The UK Government has promised that every home in the UK will be powered by wind by 2030, as it invests in floating wind turbines.
In last week’s Budget, it was revealed that the UK Government was investing in new infrastructure at ports throughout the UK to enable the roll-out of the next generation of offshore wind farms. Now the Government is spending another £20 million to unlock the full potential of floating offshore wind technology.
Back in 2019, the International Energy Agency noted that floating turbines could provide enough electricity to power Europe, the US and Japan. This is because floating wind farms can be placed further out to sea where winds are stronger, as they don’t need to rely on shallow sea beds.

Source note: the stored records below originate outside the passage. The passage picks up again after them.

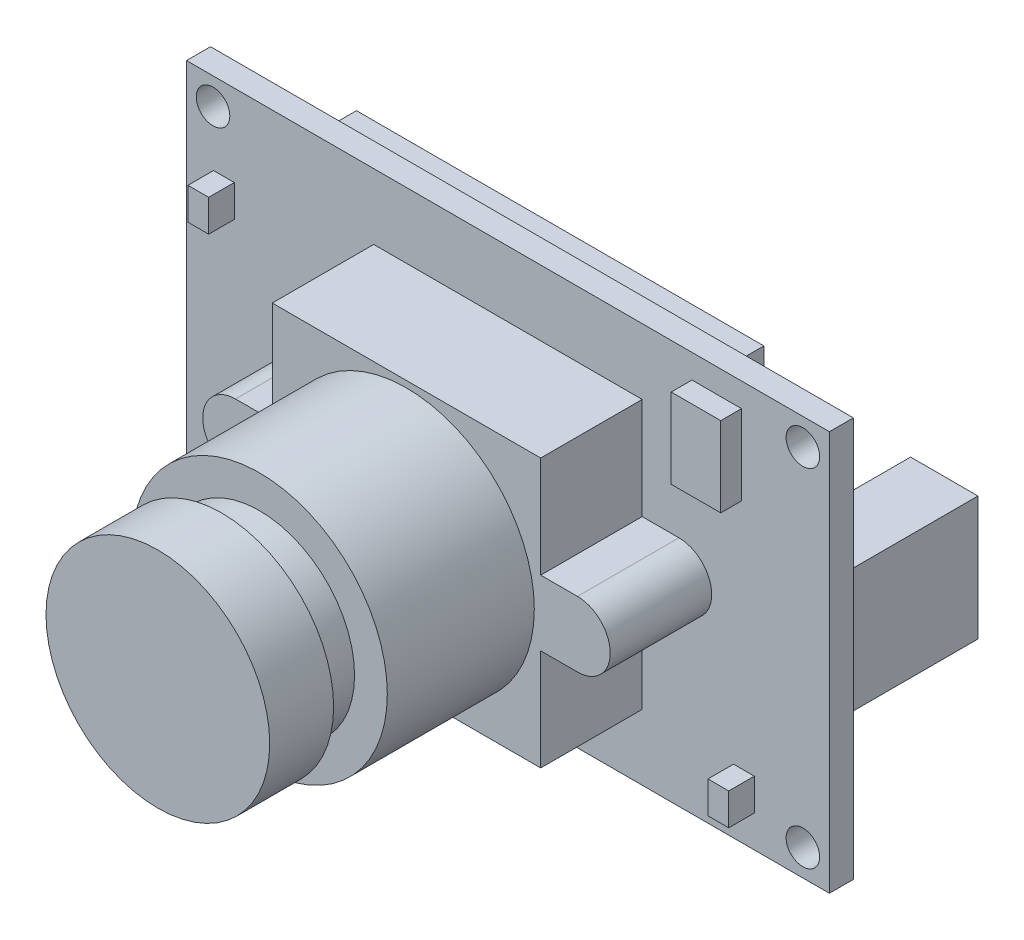
SolidWorks part; units mm, degrees
ref_plane "Front Plane" through (0, 0, 0) normal (0, 0, 1) x (1, 0, 0)
ref_plane "Top Plane" through (0, 0, 0) normal (0, 1, 0) x (1, 0, 0)
ref_plane "Right Plane" through (0, 0, 0) normal (1, 0, 0) x (0, 0, -1)
sketch "Sketch2" plane through (0, 0, 0) normal (0, 0, 1) x (1, 0, 0)
  line L0 (0, 0) -> (0, 6.003) construction
  line L1 (20.1168, 12.5095) -> (-20.1168, 12.5095)
  line L2 (20.1168, 12.5095) -> (20.1168, -12.5095)
  line L3 (20.1168, -12.5095) -> (-20.1168, -12.5095)
  line L4 (-20.1168, 12.5095) -> (-20.1168, -12.5095)
  line L5 (20.1168, 12.5095) -> (-20.1168, -12.5095) construction
  line L6 (20.1168, -12.5095) -> (-20.1168, 12.5095) construction
  line L7 (-1000, 0) -> (49000, 0) construction
  circle A0 centre (-18.4568, 10.8495) radius 1.05
  circle A1 centre (-18.4568, -10.8495) radius 1.05
  circle A2 centre (18.4568, -10.8495) radius 1.05
  circle A3 centre (18.4568, 10.8495) radius 1.05
  point P0 (0, 0)
  dimension "D5" = 2.1
  dimension "D1" = 40.2336
  dimension "D2" = 25.019
  dimension "D3" = 1.66
  dimension "D4" = 1.66
extrude "Boss-Extrude1" add sketch "Sketch2" along normal blind 1.5
sketch "Sketch3" plane through (0, 0, 1.5) normal (0, 0, 1) x (1, 0, 0)
  line L0 (-8.4, -2.05) -> (-8.4, -8.4)
  line L1 (8.4, 8.4) -> (-8.4, 8.4)
  line L2 (8.4, 8.4) -> (8.4, 2.05)
  line L3 (8.4, -8.4) -> (-8.4, -8.4)
  line L4 (-8.4, 8.4) -> (-8.4, 2.05)
  line L5 (8.4, 8.4) -> (-8.4, -8.4) construction
  line L6 (8.4, -8.4) -> (-8.4, 8.4) construction
  line L7 (-10.7, 2.05) -> (-8.4, 2.05)
  line L8 (0, -1000) -> (0, 49000) construction
  line L9 (-10.7, -2.05) -> (-8.4, -2.05)
  line L10 (10.7, 2.05) -> (8.4, 2.05)
  line L11 (10.7, -2.05) -> (8.4, -2.05)
  line L12 (8.4, -2.05) -> (8.4, -8.4)
  line L13 (-1000, 0) -> (49000, 0) construction
  arc A0 (-10.7, 2.05) -> (-10.7, -2.05) centre (-10.7, 0) ccw
  arc A1 (10.7, 2.05) -> (10.7, -2.05) centre (10.7, 0) cw
  point P0 (0, 0)
  dimension "D1" = 16.8
  dimension "D2" = 16.8
  dimension "D3" = 4.1
  dimension "D4" = 2.3
extrude "Boss-Extrude2" add sketch "Sketch3" along normal blind 6.35
sketch "Sketch4" plane through (0, 0, 7.85) normal (0, 0, 1) x (1, 0, 0)
  circle A0 centre (0, 0) radius 8
  dimension "D1" = 16
extrude "Boss-Extrude3" add sketch "Sketch4" along normal blind 9.2
sketch "Sketch5" plane through (0, 0, 17.05) normal (0, 0, 1) x (1, 0, 0)
  circle A0 centre (0, 0) radius 5.95
  dimension "D1" = 11.9
extrude "Boss-Extrude4" add sketch "Sketch5" along normal blind 2.36
sketch "Sketch6" plane through (0, 0, 19.41) normal (0, 0, 1) x (1, 0, 0)
  circle A0 centre (0, 0) radius 7
extrude "Boss-Extrude5" add sketch "Sketch6" along normal blind 4
sketch "Sketch7" plane through (0, 0, 0) normal (0, 0, -1) x (-1, 0, 0)
  line L0 (0, 0) -> (-20.1168, 0) construction
  line L1 (-15.3968, -3.875) -> (-19.6168, -3.875)
  line L2 (-15.3968, -3.875) -> (-15.3968, 3.875)
  line L3 (-15.3968, 3.875) -> (-19.6168, 3.875)
  line L4 (-19.6168, -3.875) -> (-19.6168, 3.875)
  line L5 (-20.1168, -12.5095) -> (-20.1168, 12.5095) construction
  point P9 (-19.6168, 0)
  dimension "D1" = 7.75
  dimension "D2" = 4.22
  dimension "D3" = 0.5
extrude "Boss-Extrude6" add sketch "Sketch7" along normal blind 8.3
sketch "Sketch8" plane through (0, 0, 0) normal (0, 0, -1) x (-1, 0, 0)
  line L0 (20.1168, 12.5095) -> (20.1168, -12.5095) construction
  line L1 (15.6768, -10.8695) -> (6.6768, -10.8695)
  line L2 (15.6768, -10.8695) -> (15.6768, -7.9395)
  line L3 (15.6768, -7.9395) -> (6.6768, -7.9395)
  line L4 (6.6768, -10.8695) -> (6.6768, -7.9395)
  line L5 (20.1168, -12.5095) -> (-20.1168, -12.5095) construction
  dimension "D1" = 4.44
  dimension "D2" = 1.64
  dimension "D3" = 9
  dimension "D4" = 2.93
extrude "Boss-Extrude7" add sketch "Sketch8" along normal blind 4.35
sketch "Sketch9" plane through (0, 0, 1.5) normal (0, 0, 1) x (1, 0, 0)
  line L0 (20.1168, -12.5095) -> (20.1168, 12.5095) construction
  line L1 (11.5168, 11.0095) -> (14.6168, 11.0095)
  line L2 (11.5168, 11.0095) -> (11.5168, 6.0095)
  line L3 (11.5168, 6.0095) -> (14.6168, 6.0095)
  line L4 (14.6168, 11.0095) -> (14.6168, 6.0095)
  line L5 (20.1168, 12.5095) -> (-20.1168, 12.5095) construction
  dimension "D1" = 3.1
  dimension "D2" = 5
  dimension "D3" = 5.5
  dimension "D4" = 1.5
extrude "Boss-Extrude8" add sketch "Sketch9" along normal blind 1.3
sketch "Sketch10" plane through (0, 0, 0) normal (0, 0, -1) x (-1, 0, 0)
  line L0 (-20.1168, -12.5095) -> (-20.1168, 12.5095) construction
  line L1 (-13.1168, 12.2095) -> (12.3832, 12.2095)
  line L2 (-13.1168, 12.2095) -> (-13.1168, 4.2095)
  line L3 (-13.1168, 4.2095) -> (12.3832, 4.2095)
  line L4 (12.3832, 12.2095) -> (12.3832, 4.2095)
  line L5 (-13.1168, 12.2095) -> (12.3832, 4.2095) construction
  line L6 (-13.1168, 4.2095) -> (12.3832, 12.2095) construction
  line L7 (-20.1168, 12.5095) -> (20.1168, 12.5095) construction
  point P0 (-0.3668, 8.2095)
  dimension "D1" = 25.5
  dimension "D2" = 8
  dimension "D3" = 7
  dimension "D4" = 0.3
extrude "Boss-Extrude9" add sketch "Sketch10" along normal blind 1.4
sketch "Sketch11" plane through (0, 0, 1.5) normal (0, 0, 1) x (1, 0, 0)
  line L0 (20.1168, -12.5095) -> (20.1168, 12.5095) construction
  line L1 (15.4168, -10.5095) -> (14.1168, -10.5095)
  line L2 (15.4168, -10.5095) -> (15.4168, -8.5095)
  line L3 (15.4168, -8.5095) -> (14.1168, -8.5095)
  line L4 (14.1168, -10.5095) -> (14.1168, -8.5095)
  line L5 (-20.1168, -12.5095) -> (20.1168, -12.5095) construction
  line L6 (-17.1271, 5.3916) -> (-18.4271, 5.3916)
  line L7 (-17.1271, 5.3916) -> (-17.1271, 7.3916)
  line L8 (-17.1271, 7.3916) -> (-18.4271, 7.3916)
  line L9 (-18.4271, 5.3916) -> (-18.4271, 7.3916)
  dimension "D1" = 1.3
  dimension "D2" = 2
  dimension "D3" = 6
  dimension "D4" = 2
extrude "Boss-Extrude10" add sketch "Sketch11" along normal blind 1.6
sketch "Sketch12" plane through (0, 0, 0) normal (0, 0, -1) x (-1, 0, 0)
  line L0 (-20.1168, 12.5095) -> (20.1168, 12.5095) construction
  line L1 (19.1168, 5.1095) -> (16.1168, 5.1095)
  line L2 (19.1168, 5.1095) -> (19.1168, 8.1095)
  line L3 (19.1168, 8.1095) -> (16.1168, 8.1095)
  line L4 (16.1168, 5.1095) -> (16.1168, 8.1095)
  line L5 (20.1168, 12.5095) -> (20.1168, -12.5095) construction
  dimension "D1" = 3
  dimension "D2" = 3
  dimension "D3" = 7.4
  dimension "D4" = 1
extrude "Boss-Extrude11" add sketch "Sketch12" along normal blind 1.4
sketch "Sketch13" plane through (0, 0, 0) normal (0, 0, -1) x (-1, 0, 0)
  line L0 (-20.1168, -12.5095) -> (-20.1168, 12.5095) construction
  line L1 (-14.1478, -9.3853) -> (-10.9728, -9.3853)
  line L2 (-14.1478, -9.3853) -> (-14.1478, -12.0015)
  line L3 (-14.1478, -12.0015) -> (-10.9728, -12.0015)
  line L4 (-10.9728, -9.3853) -> (-10.9728, -12.0015)
  line L5 (20.1168, -12.5095) -> (-20.1168, -12.5095) construction
  line L7 (-7.1628, -7.1755) -> (1.3462, -7.1755)
  line L8 (-7.1628, -7.1755) -> (-7.1628, -12.0015)
  line L9 (-7.1628, -12.0015) -> (1.3462, -12.0015)
  line L10 (1.3462, -7.1755) -> (1.3462, -12.0015)
  dimension "D1" = 3.175
  dimension "D2" = 2.6162
  dimension "D3" = 5.969
  dimension "D4" = 0.508
  dimension "D5" = 8.509
  dimension "D6" = 4.826
  dimension "D7" = 12.954
  dimension "D8" = 0.508
extrude "Boss-Extrude12" add sketch "Sketch13" along normal blind 2.7432
move or copy body "Body-Move/Copy1" [suppressed] bodies to move or copy 112

Now, the UK Government is pinning its hopes on powering the UK using the technology.
The UK has piloted the floating wind farm concept, with the 30 MW Hywind Scotland pilot park beginning operation back in 2017 as the world’s first floating wind farm. At the time the Hywind Scotland wind farm proved that you could build a floating wind farm at scale, which the UK Government is clearly eager to endorse.
The new £20 million worth of funding is designed to target the development of new technologies that will support floating wind farms. The Government says that these technologies could include advancing vital components such as dynamic high voltage cable systems, moorings for challenging seabed conditions and foundations.
What happens when the wind stops blowing?
It’s all well and good, promising that homes in the UK will be fully powered by wind energy by 2030, but what happens when the winds stop blowing? Well, that’s where the second part of the Government’s new commitment comes in – investing in energy storage.
New funding worth £68 million will further the development of energy storage technologies to support a future renewable energy system. These new innovations will accelerate the commercialisation of a first-of-a-kind storage that can hold energy from wind turbines and solar panels, as well as heat, over long periods of time, including months and years, until it is needed by consumers.
Anne-Marie Trevelyan, Energy Minister, commented, “The UK’s energy innovators have been vital to us becoming a world-leader in clean green technology, helping us to go further and faster as we tackle climate change.
“This funding will allow us to develop new ways of unlocking the potential for green energy as we continue making big strides towards our goal of eradicating our contribution to climate change by 2050.”